REQUIRED ACTION
Give the number of lines in the records below that include "Square", and nothing more.

START DATA IN THIS EXERCISE

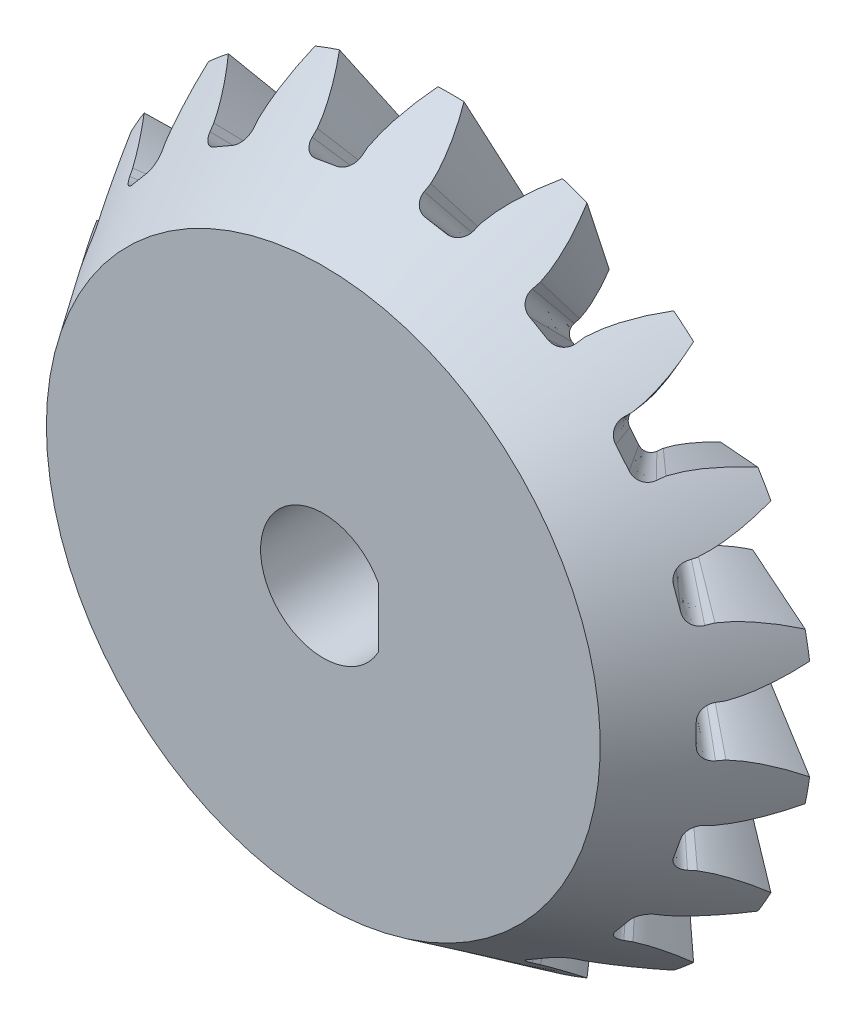
SolidWorks part; units mm, degrees
ref_plane "Front Plane" through (0, 0, 0) normal (0, 0, 1) x (1, 0, 0)
ref_plane "Top Plane" through (0, 0, 0) normal (0, 1, 0) x (1, 0, 0)
ref_plane "Right Plane" through (0, 0, 0) normal (1, 0, 0) x (0, 0, -1)
ref_axis "Gear Axis" through (0, 0, -1.3521) along (0, 0, 1)
sketch "Blank Sketch" plane through (0, 0, 0) normal (0, 1, 0) x (1, 0, 0)
  line L0 (0, 0) -> (0, -27.0416) construction
  line L1 (0, 0) -> (22.5, -15) construction
  line L2 (0, 0) -> (15.0115, -10.0077) construction
  line L3 (11.176, -15.7611) -> (15.6135, -9.1047)
  line L4 (15.6135, -9.1047) -> (23.5324, -13.4515)
  line L5 (23.5324, -13.4515) -> (17.9981, -21.7528)
  line L6 (17.9981, -21.7528) -> (4.075, -21.7528)
  line L7 (4.075, -21.7528) -> (4.075, -15.7611)
  line L8 (4.075, -15.7611) -> (11.176, -15.7611)
  line L9 (22.5, -15) -> (23.5324, -13.4515) construction
  line L10 (22.5, -15) -> (17.9981, -21.7528) construction
  line L11 (15.0115, -10.0077) -> (11.176, -15.7611) construction
  dimension "Axis" = 27.0416
  dimension "Cone" = 56.31
  dimension "Heel" = 27.0416
  dimension "Toe Cone" = 56.31
  dimension "Toe" = 18.0416
  dimension "Heel Square" = 90
  dimension "Addendum" = 1.8611
  dimension "Root Square" = 90
  dimension "Heel Rim" = 8.1158
  dimension "Toe Square" = 90
  dimension "Toe Rim" = 6.9147
  dimension "Front Square" = 90
  dimension "Face" = 4.927
  dimension "Back" = 13.9231
  dimension "Front" = 7.101
revolve "Blank" add sketch "Blank Sketch" angle 360 about L0
sketch "Cone Sketch" plane through (0, 0, 0) normal (0, 1, 0) x (1, 0, 0)
  line L0 (0, 0) -> (0, -27.0416) construction
  line L1 (0, 0) -> (24.5801, -16.3868)
  line L2 (0, 0) -> (12.9314, -8.6209)
  dimension "Axis" = 27.0416
  dimension "Toe Cone" = 56.31
  dimension "Heel Cone" = 56.31
  dimension "Heel" = 29.5416
  dimension "Toe" = 15.5416
ref_plane "Heel Plane" through (24.5801, 0, 16.3868) normal (0.8321, 0, 0.5547) x (0.5547, 0, -0.8321)
ref_plane "Toe Plane" through (12.9314, 0, 8.6209) normal (0.8321, 0, 0.5547) x (0.5547, 0, -0.8321)
sketch "Heel Section Sketch" plane through (24.5801, 0, 16.3868) normal (0.8321, 0, 0.5547) x (0.5547, 0, -0.8321)
  line L0 (0, 0) -> (-44.3125, 0) construction
  line L1 (-2.4254, 1.822) -> (-2.9568, 1.7989)
  line L2 (-2.4254, -1.822) -> (-2.9568, -1.7989)
  line L3 (4.4731, 5.3382) -> (4.4731, -5.3382)
  arc A0 (-2.9568, 1.7989) -> (-3.9494, 0.7429) centre (-2.9117, 0.762) ccw
  arc A1 (-3.9494, -0.7429) -> (-2.9568, -1.7989) centre (-2.9117, -0.762) ccw
  arc A2 (-3.9494, -0.7429) -> (-3.9494, 0.7429) centre (-44.3125, 0) ccw
  spline S0 degree 4 poles (-2.6185, 1.7952) (-2.5735, 1.8001) (-2.4634, 1.8153) (-2.3826, 1.8283) (-2.1666, 1.8686) (-2.0036, 1.9057) (-1.7812, 1.9593) (-1.5664, 2.0195) (-1.329, 2.0902) (-1.1027, 2.1645) (-0.8722, 2.2444) (-0.6468, 2.3281) (-0.412, 2.4198) (-0.1247, 2.538) (0.217, 2.6881) (0.607, 2.871) (1.0408, 3.0905) (1.4634, 3.3174) (1.8882, 3.5612) (2.2942, 3.8046) (2.7157, 4.0742) (3.0965, 4.325) (3.5292, 4.6295) (3.8609, 4.867) (4.3217, 5.2186) (4.5362, 5.3868) (4.8006, 5.5995) (4.951, 5.7231) (5.0219, 5.782) (5.0608, 5.8144) (5.0806, 5.831) knots 0 0 0 0 0 0.022117 0.039787 0.058126 0.081614 0.109122 0.13663 0.164138 0.191645 0.219153 0.246661 0.274169 0.305931 0.360947 0.415962 0.470978 0.525993 0.581009 0.636024 0.69104 0.746055 0.801071 0.856086 0.911102 0.955551 0.977775 0.988888 1 1 1 1 1 construction
  spline S1 degree 4 poles (-2.4254, 1.822) (-2.3913, 1.8275) (-2.324, 1.8392) (-2.1666, 1.8686) (-2.0036, 1.9057) (-1.7812, 1.9593) (-1.5664, 2.0195) (-1.329, 2.0902) (-1.1027, 2.1645) (-0.8722, 2.2444) (-0.6468, 2.3281) (-0.412, 2.4198) (-0.1247, 2.538) (0.217, 2.6881) (0.607, 2.871) (1.0408, 3.0905) (1.4634, 3.3174) (1.8882, 3.5612) (2.2942, 3.8046) (2.7157, 4.0742) (3.0965, 4.325) (3.5292, 4.6295) (3.8609, 4.867) (4.2239, 5.144) (4.3887, 5.2717) (4.4731, 5.3382) knots 0.022117 0.022117 0.022117 0.022117 0.022117 0.039787 0.058126 0.081614 0.109122 0.13663 0.164138 0.191645 0.219153 0.246661 0.274169 0.305931 0.360947 0.415962 0.470978 0.525993 0.581009 0.636024 0.69104 0.746055 0.801071 0.856086 0.911102 0.911102 0.911102 0.911102 0.911102
  spline S2 degree 4 poles (-2.6185, -1.7952) (-2.5735, -1.8001) (-2.4634, -1.8153) (-2.3826, -1.8283) (-2.1666, -1.8686) (-2.0036, -1.9057) (-1.7812, -1.9593) (-1.5664, -2.0195) (-1.329, -2.0902) (-1.1027, -2.1645) (-0.8722, -2.2444) (-0.6468, -2.3281) (-0.412, -2.4198) (-0.1247, -2.538) (0.217, -2.6881) (0.607, -2.871) (1.0408, -3.0905) (1.4634, -3.3174) (1.8882, -3.5612) (2.2942, -3.8046) (2.7157, -4.0742) (3.0965, -4.325) (3.5292, -4.6295) (3.8609, -4.867) (4.3217, -5.2186) (4.5362, -5.3868) (4.8006, -5.5995) (4.951, -5.7231) (5.0219, -5.782) (5.0608, -5.8144) (5.0806, -5.831) knots 0 0 0 0 0 0.022117 0.039787 0.058126 0.081614 0.109122 0.13663 0.164138 0.191645 0.219153 0.246661 0.274169 0.305931 0.360947 0.415962 0.470978 0.525993 0.581009 0.636024 0.69104 0.746055 0.801071 0.856086 0.911102 0.955551 0.977775 0.988888 1 1 1 1 1 construction
  spline S3 degree 4 poles (-2.4254, -1.822) (-2.3913, -1.8275) (-2.324, -1.8392) (-2.1666, -1.8686) (-2.0036, -1.9057) (-1.7812, -1.9593) (-1.5664, -2.0195) (-1.329, -2.0902) (-1.1027, -2.1645) (-0.8722, -2.2444) (-0.6468, -2.3281) (-0.412, -2.4198) (-0.1247, -2.538) (0.217, -2.6881) (0.607, -2.871) (1.0408, -3.0905) (1.4634, -3.3174) (1.8882, -3.5612) (2.2942, -3.8046) (2.7157, -4.0742) (3.0965, -4.325) (3.5292, -4.6295) (3.8609, -4.867) (4.2239, -5.144) (4.3887, -5.2717) (4.4731, -5.3382) knots 0.022117 0.022117 0.022117 0.022117 0.022117 0.039787 0.058126 0.081614 0.109122 0.13663 0.164138 0.191645 0.219153 0.246661 0.274169 0.305931 0.360947 0.415962 0.470978 0.525993 0.581009 0.636024 0.69104 0.746055 0.801071 0.856086 0.911102 0.911102 0.911102 0.911102 0.911102
  dimension "Root" = 40.3699
  dimension "Fillet" = 1.0378
  dimension "Centre" = 44.3125
sketch "Toe Section Sketch" plane through (12.9314, 0, 8.6209) normal (0.8321, 0, 0.5547) x (0.5547, 0, -0.8321)
  line L0 (0, 0) -> (-23.3125, 0) construction
  line L1 (-1.276, 0.9585) -> (-1.5556, 0.9464)
  line L2 (-1.276, -0.9585) -> (-1.5556, -0.9464)
  line L3 (2.3533, 2.8084) -> (2.3533, -2.8084)
  arc A0 (-1.5556, 0.9464) -> (-2.0777, 0.3908) centre (-1.5318, 0.4009) ccw
  arc A1 (-2.0777, -0.3908) -> (-1.5556, -0.9464) centre (-1.5318, -0.4009) ccw
  arc A2 (-2.0777, -0.3908) -> (-2.0777, 0.3908) centre (-23.3125, 0) ccw
  spline S0 degree 4 poles (-1.3801, 0.944) (-1.3498, 0.9477) (-1.2981, 0.9547) (-1.2515, 0.9622) (-1.1417, 0.9827) (-1.0525, 1.0029) (-0.9382, 1.0306) (-0.8233, 1.0626) (-0.6997, 1.0996) (-0.5798, 1.1388) (-0.459, 1.1807) (-0.3402, 1.2248) (-0.2168, 1.273) (-0.0656, 1.3353) (0.1141, 1.4142) (0.3193, 1.5104) (0.5475, 1.6259) (0.7699, 1.7453) (0.9934, 1.8735) (1.207, 2.0016) (1.4287, 2.1434) (1.6291, 2.2754) (1.8566, 2.4355) (2.0313, 2.5606) (2.2734, 2.7453) (2.4008, 2.8452) (2.5617, 2.975) (2.632, 3.0335) (2.6721, 3.067) knots 0 0 0 0 0 0.022117 0.039787 0.058126 0.081614 0.109122 0.13663 0.164138 0.191645 0.219153 0.246661 0.274169 0.305931 0.360947 0.415962 0.470978 0.525993 0.581009 0.636024 0.69104 0.746055 0.801071 0.856086 0.911102 0.955551 1 1 1 1 1 construction
  spline S1 degree 4 poles (-1.276, 0.9585) (-1.2581, 0.9614) (-1.2218, 0.9678) (-1.1417, 0.9827) (-1.0525, 1.0029) (-0.9382, 1.0306) (-0.8233, 1.0626) (-0.6997, 1.0996) (-0.5798, 1.1388) (-0.459, 1.1807) (-0.3402, 1.2248) (-0.2168, 1.273) (-0.0656, 1.3353) (0.1141, 1.4142) (0.3193, 1.5104) (0.5475, 1.6259) (0.7699, 1.7453) (0.9934, 1.8735) (1.207, 2.0016) (1.4287, 2.1434) (1.6291, 2.2754) (1.8566, 2.4355) (2.0313, 2.5606) (2.2221, 2.7061) (2.3088, 2.7734) (2.3533, 2.8084) knots 0.022117 0.022117 0.022117 0.022117 0.022117 0.039787 0.058126 0.081614 0.109122 0.13663 0.164138 0.191645 0.219153 0.246661 0.274169 0.305931 0.360947 0.415962 0.470978 0.525993 0.581009 0.636024 0.69104 0.746055 0.801071 0.856086 0.911102 0.911102 0.911102 0.911102 0.911102
  spline S2 degree 4 poles (-1.3801, -0.944) (-1.3498, -0.9477) (-1.2981, -0.9547) (-1.2515, -0.9622) (-1.1417, -0.9827) (-1.0525, -1.0029) (-0.9382, -1.0306) (-0.8233, -1.0626) (-0.6997, -1.0996) (-0.5798, -1.1388) (-0.459, -1.1807) (-0.3402, -1.2248) (-0.2168, -1.273) (-0.0656, -1.3353) (0.1141, -1.4142) (0.3193, -1.5104) (0.5475, -1.6259) (0.7699, -1.7453) (0.9934, -1.8735) (1.207, -2.0016) (1.4287, -2.1434) (1.6291, -2.2754) (1.8566, -2.4355) (2.0313, -2.5606) (2.2734, -2.7453) (2.4008, -2.8452) (2.5617, -2.975) (2.632, -3.0335) (2.6721, -3.067) knots 0 0 0 0 0 0.022117 0.039787 0.058126 0.081614 0.109122 0.13663 0.164138 0.191645 0.219153 0.246661 0.274169 0.305931 0.360947 0.415962 0.470978 0.525993 0.581009 0.636024 0.69104 0.746055 0.801071 0.856086 0.911102 0.955551 1 1 1 1 1 construction
  spline S3 degree 4 poles (-1.276, -0.9585) (-1.2581, -0.9614) (-1.2218, -0.9678) (-1.1417, -0.9827) (-1.0525, -1.0029) (-0.9382, -1.0306) (-0.8233, -1.0626) (-0.6997, -1.0996) (-0.5798, -1.1388) (-0.459, -1.1807) (-0.3402, -1.2248) (-0.2168, -1.273) (-0.0656, -1.3353) (0.1141, -1.4142) (0.3193, -1.5104) (0.5475, -1.6259) (0.7699, -1.7453) (0.9934, -1.8735) (1.207, -2.0016) (1.4287, -2.1434) (1.6291, -2.2754) (1.8566, -2.4355) (2.0313, -2.5606) (2.2221, -2.7061) (2.3088, -2.7734) (2.3533, -2.8084) knots 0.022117 0.022117 0.022117 0.022117 0.022117 0.039787 0.058126 0.081614 0.109122 0.13663 0.164138 0.191645 0.219153 0.246661 0.274169 0.305931 0.360947 0.415962 0.470978 0.525993 0.581009 0.636024 0.69104 0.746055 0.801071 0.856086 0.911102 0.911102 0.911102 0.911102 0.911102
  dimension "Root" = 21.2383
  dimension "Fillet" = 0.546
  dimension "Centre" = 23.3125
loft "Tooth Space" cut profiles "Heel Section Sketch", "Toe Section Sketch"
pattern_circular "Teeth" count 18 over 360 about axis through (0, 0, -1.3521) along (0, 0, 1) of "Tooth Space"
sketch "D-Flat Sketch" plane through (0, 0, 0) normal (0, 0, 1) x (1, 0, 0)
  line L0 (3.575, -2.3894) -> (3.575, 2.3894)
  arc A0 (3.575, -2.3894) -> (3.575, 2.3894) centre (0, 0) ccw
sketch "Sketch2" plane through (0, 0, 0) normal (0, 0, 1) x (1, 0, 0)
  line L0 (3.575, -2.3894) -> (3.575, 2.3894)
  arc A0 (3.575, -2.3894) -> (3.575, 2.3894) centre (0, 0) ccw
extrude "D-Flat" add sketch "Sketch2" along normal blind 5.9917 from offset 15.7611
equation "\"No. of Teeth\"= 18"
equation "\"Module\"= 2.5"
equation "\"Bore Diameter\"= 8.15"
equation "\"Pressure Angle\"= 20"
equation "\"Shaft Angle\"= 90"
equation "\"Mate Teeth\"= 12"
equation "\"Pitch Cone Angle\"= IIF ( ( \"Mate Teeth\" / \"No. of Teeth\" + cos ( \"Shaft Angle\" ) ) > 0 , atn ( sin ( \"Shaft Angle\" ) / ( \"Mate Teeth\" / \"No. of Teeth\" + cos ( \"Shaft Angle\" ) ) ) , 180 + atn ( sin ( \"Shaft Angle\" ) / ( \"Mate Teeth\" / \"No. of Teeth\" + cos ( \"Shaft Angle\" ) ) ) )"
equation "\"Mate Cone Angle\"= \"Shaft Angle\" - \"Pitch Cone Angle\""
equation "\"Addendum\"= IIF ( \"No. of Teeth\" >= \"Mate Teeth\" , 0.54 * \"Module\" + 0.46 * \"Module\" / ( ( \"No. of Teeth\" * cos ( \"Mate Cone Angle\" ) ) / ( \"Mate Teeth\" * cos ( \"Pitch Cone Angle\" ) ) ) , 2 * \"Module\" - ( 0.54 * \"Module\" + 0.46 * \"Module\" / ( ( \"Mate Teeth\" * cos ( \"Pitch Cone Angle\" ) ) / ( \"No. of Teeth\" * cos ( \"Mate Cone Angle\" ) ) ) ) )"
equation "\"Outer Diameter\"= \"No. of Teeth\" * \"Module\" + 2 * \"Addendum\" * cos ( \"Pitch Cone Angle\" )"
equation "\"Pitch Diameter\"= \"No. of Teeth\" * \"Module\""
equation "\"Backlash\"= IIF ( \"Module\" <= 1 , 0.3 * \"Module\" , 0.3 )"
equation "\"Arc Length\"= ( ( \"Module\" * pi ) / 2 + \"Backlash\" - 2 * ( \"Addendum\" - \"Module\" ) * tan ( \"Pressure Angle\" ) )"
equation "\"Fillet Radius\"= 0.38 * \"Module\""
equation "\"Mate Addendum\"= 2 * \"Module\" - \"Addendum\""
equation "\"Dedendum\"= 2.188 * \"Module\" - \"Addendum\""
equation "\"Tooth Depth\"= \"Addendum\" + \"Dedendum\""
equation "\"Mate Dedendum\"= 2.188 * \"Module\" - \"Mate Addendum\""
equation "\"Face Width\"= 9"
equation "\"Cone Distance\"= \"Pitch Diameter\" / ( 2 * sin ( \"Pitch Cone Angle\" ) )"
equation "\"Dedendum Angle\"= atn ( \"Dedendum\" / \"Cone Distance\" )"
equation "\"Mate Dedendum Angle\"= atn ( \"Mate Dedendum\" / \"Cone Distance\" )"
equation "\"Face Angle\"= \"Pitch Cone Angle\" + \"Mate Dedendum Angle\""
equation "\"Root Angle\"= \"Pitch Cone Angle\" - \"Dedendum Angle\""
equation "\"Overrun\"= \"Module\""
equation "\"Back Cone Pitch Diameter\"= \"Pitch Diameter\" / cos ( \"Pitch Cone Angle\" )"
equation "\"Back Cone Outer Diameter\"= \"Back Cone Pitch Diameter\" + 2 * \"Addendum\""
equation "\"Root Diameter\"= \"Back Cone Outer Diameter\" - 2 * \"Tooth Depth\""
equation "\"Base Diameter\"= \"Back Cone Pitch Diameter\" * cos ( \"Pressure Angle\" )"
equation "\"Base Radius\"= \"Base Diameter\" / 2"
equation "\"Tooth Thickness\"= \"Module\" * pi - \"Arc Length\""
equation "\"Half Space Angle\"= ( \"Arc Length\" / \"Back Cone Pitch Diameter\" ) * 180 / pi"
equation "\"Involute Fn\"= tan ( \"Pressure Angle\" ) - \"Pressure Angle\" * pi / 180"
equation "\"Flank Offset\"= \"Arc Length\" / \"Back Cone Pitch Diameter\" - \"Involute Fn\""
equation "\"Tip Cap Diameter\"= \"Back Cone Outer Diameter\" + 2 * \"Module\""
equation "\"Flank Start Diameter\"= IIF ( \"Base Diameter\" >= ( \"Root Diameter\" + 3 * \"Fillet Radius\" ) , \"Base Diameter\" , \"Root Diameter\" + 3 * \"Fillet Radius\" )"
equation "\"Involute t1\"= ( abs ( ( \"Flank Start Diameter\" / \"Base Diameter\" ) ^ 2 - 1 ) ) ^ 0.5"
equation "\"Involute t2\"= ( abs ( ( \"Tip Cap Diameter\" / \"Base Diameter\" ) ^ 2 - 1 ) ) ^ 0.5"
equation "\"Flank Arc Radius\"= ( \"Back Cone Pitch Diameter\" / 2 ) * sin ( \"Pressure Angle\" )"
equation "\"Flank Centre Angle\"= \"Half Space Angle\" + \"Pressure Angle\""
equation "\"Heel Distance\"= \"Cone Distance\" + \"Overrun\""
equation "\"Toe Distance\"= \"Cone Distance\" - \"Face Width\" - \"Overrun\""
equation "\"Heel Scale\"= \"Heel Distance\" / \"Cone Distance\""
equation "\"Toe Scale\"= \"Toe Distance\" / \"Cone Distance\""
equation "\"Heel Virtual Radius\"= \"Heel Distance\" * tan ( \"Pitch Cone Angle\" )"
equation "\"Toe Virtual Radius\"= \"Toe Distance\" * tan ( \"Pitch Cone Angle\" )"
equation "\"Axis@Blank Sketch\"= \"Cone Distance\""
equation "\"Cone@Blank Sketch\"= \"Pitch Cone Angle\""
equation "\"Heel@Blank Sketch\"= \"Cone Distance\""
equation "\"Toe Cone@Blank Sketch\"= \"Pitch Cone Angle\""
equation "\"Toe@Blank Sketch\"= \"Cone Distance\" - \"Face Width\""
equation "\"Addendum@Blank Sketch\"= \"Addendum\""
equation "\"Heel Rim@Blank Sketch\"= \"Dedendum\" + \"Module\" / cos ( \"Pitch Cone Angle\" )"
equation "\"Toe Rim@Blank Sketch\"= \"Dedendum\" - \"Face Width\" * tan ( \"Dedendum Angle\" ) + \"Module\" / cos ( \"Pitch Cone Angle\" )"
equation "\"Face@Blank Sketch\"= \"Mate Dedendum Angle\""
equation "\"Back@Blank Sketch\"= \"Cone Distance\" * sin ( \"Pitch Cone Angle\" ) - \"Dedendum\" * cos ( \"Pitch Cone Angle\" ) - \"Module\" - \"Bore Diameter\" / 2"
equation "\"Front@Blank Sketch\"= ( \"Cone Distance\" - \"Face Width\" ) * sin ( \"Pitch Cone Angle\" ) - ( \"Dedendum\" - \"Face Width\" * tan ( \"Dedendum Angle\" ) + \"Module\" / cos ( \"Pitch Cone Angle\" ) ) * cos ( \"Pitch Cone Angle\" ) - \"Bore Diameter\" / 2"
equation "\"Axis@Cone Sketch\"= \"Cone Distance\""
equation "\"Heel Cone@Cone Sketch\"= \"Pitch Cone Angle\""
equation "\"Heel@Cone Sketch\"= \"Heel Distance\""
equation "\"Toe Cone@Cone Sketch\"= \"Pitch Cone Angle\""
equation "\"Toe@Cone Sketch\"= \"Toe Distance\""
equation "\"Centre@Heel Section Sketch\"= \"Heel Virtual Radius\""
equation "\"Root@Heel Section Sketch\"= ( \"Root Diameter\" / 2 ) * \"Heel Scale\""
equation "\"Fillet@Heel Section Sketch\"= ( \"Fillet Radius\" ) * \"Heel Scale\""
equation "\"Centre@Toe Section Sketch\"= \"Toe Virtual Radius\""
equation "\"Root@Toe Section Sketch\"= ( \"Root Diameter\" / 2 ) * \"Toe Scale\""
equation "\"Fillet@Toe Section Sketch\"= ( \"Fillet Radius\" ) * \"Toe Scale\""
equation "\"Count@Teeth\"= \"No. of Teeth\""

END DATA IN THIS EXERCISE

SOLUTION TO THE PROBLEM
4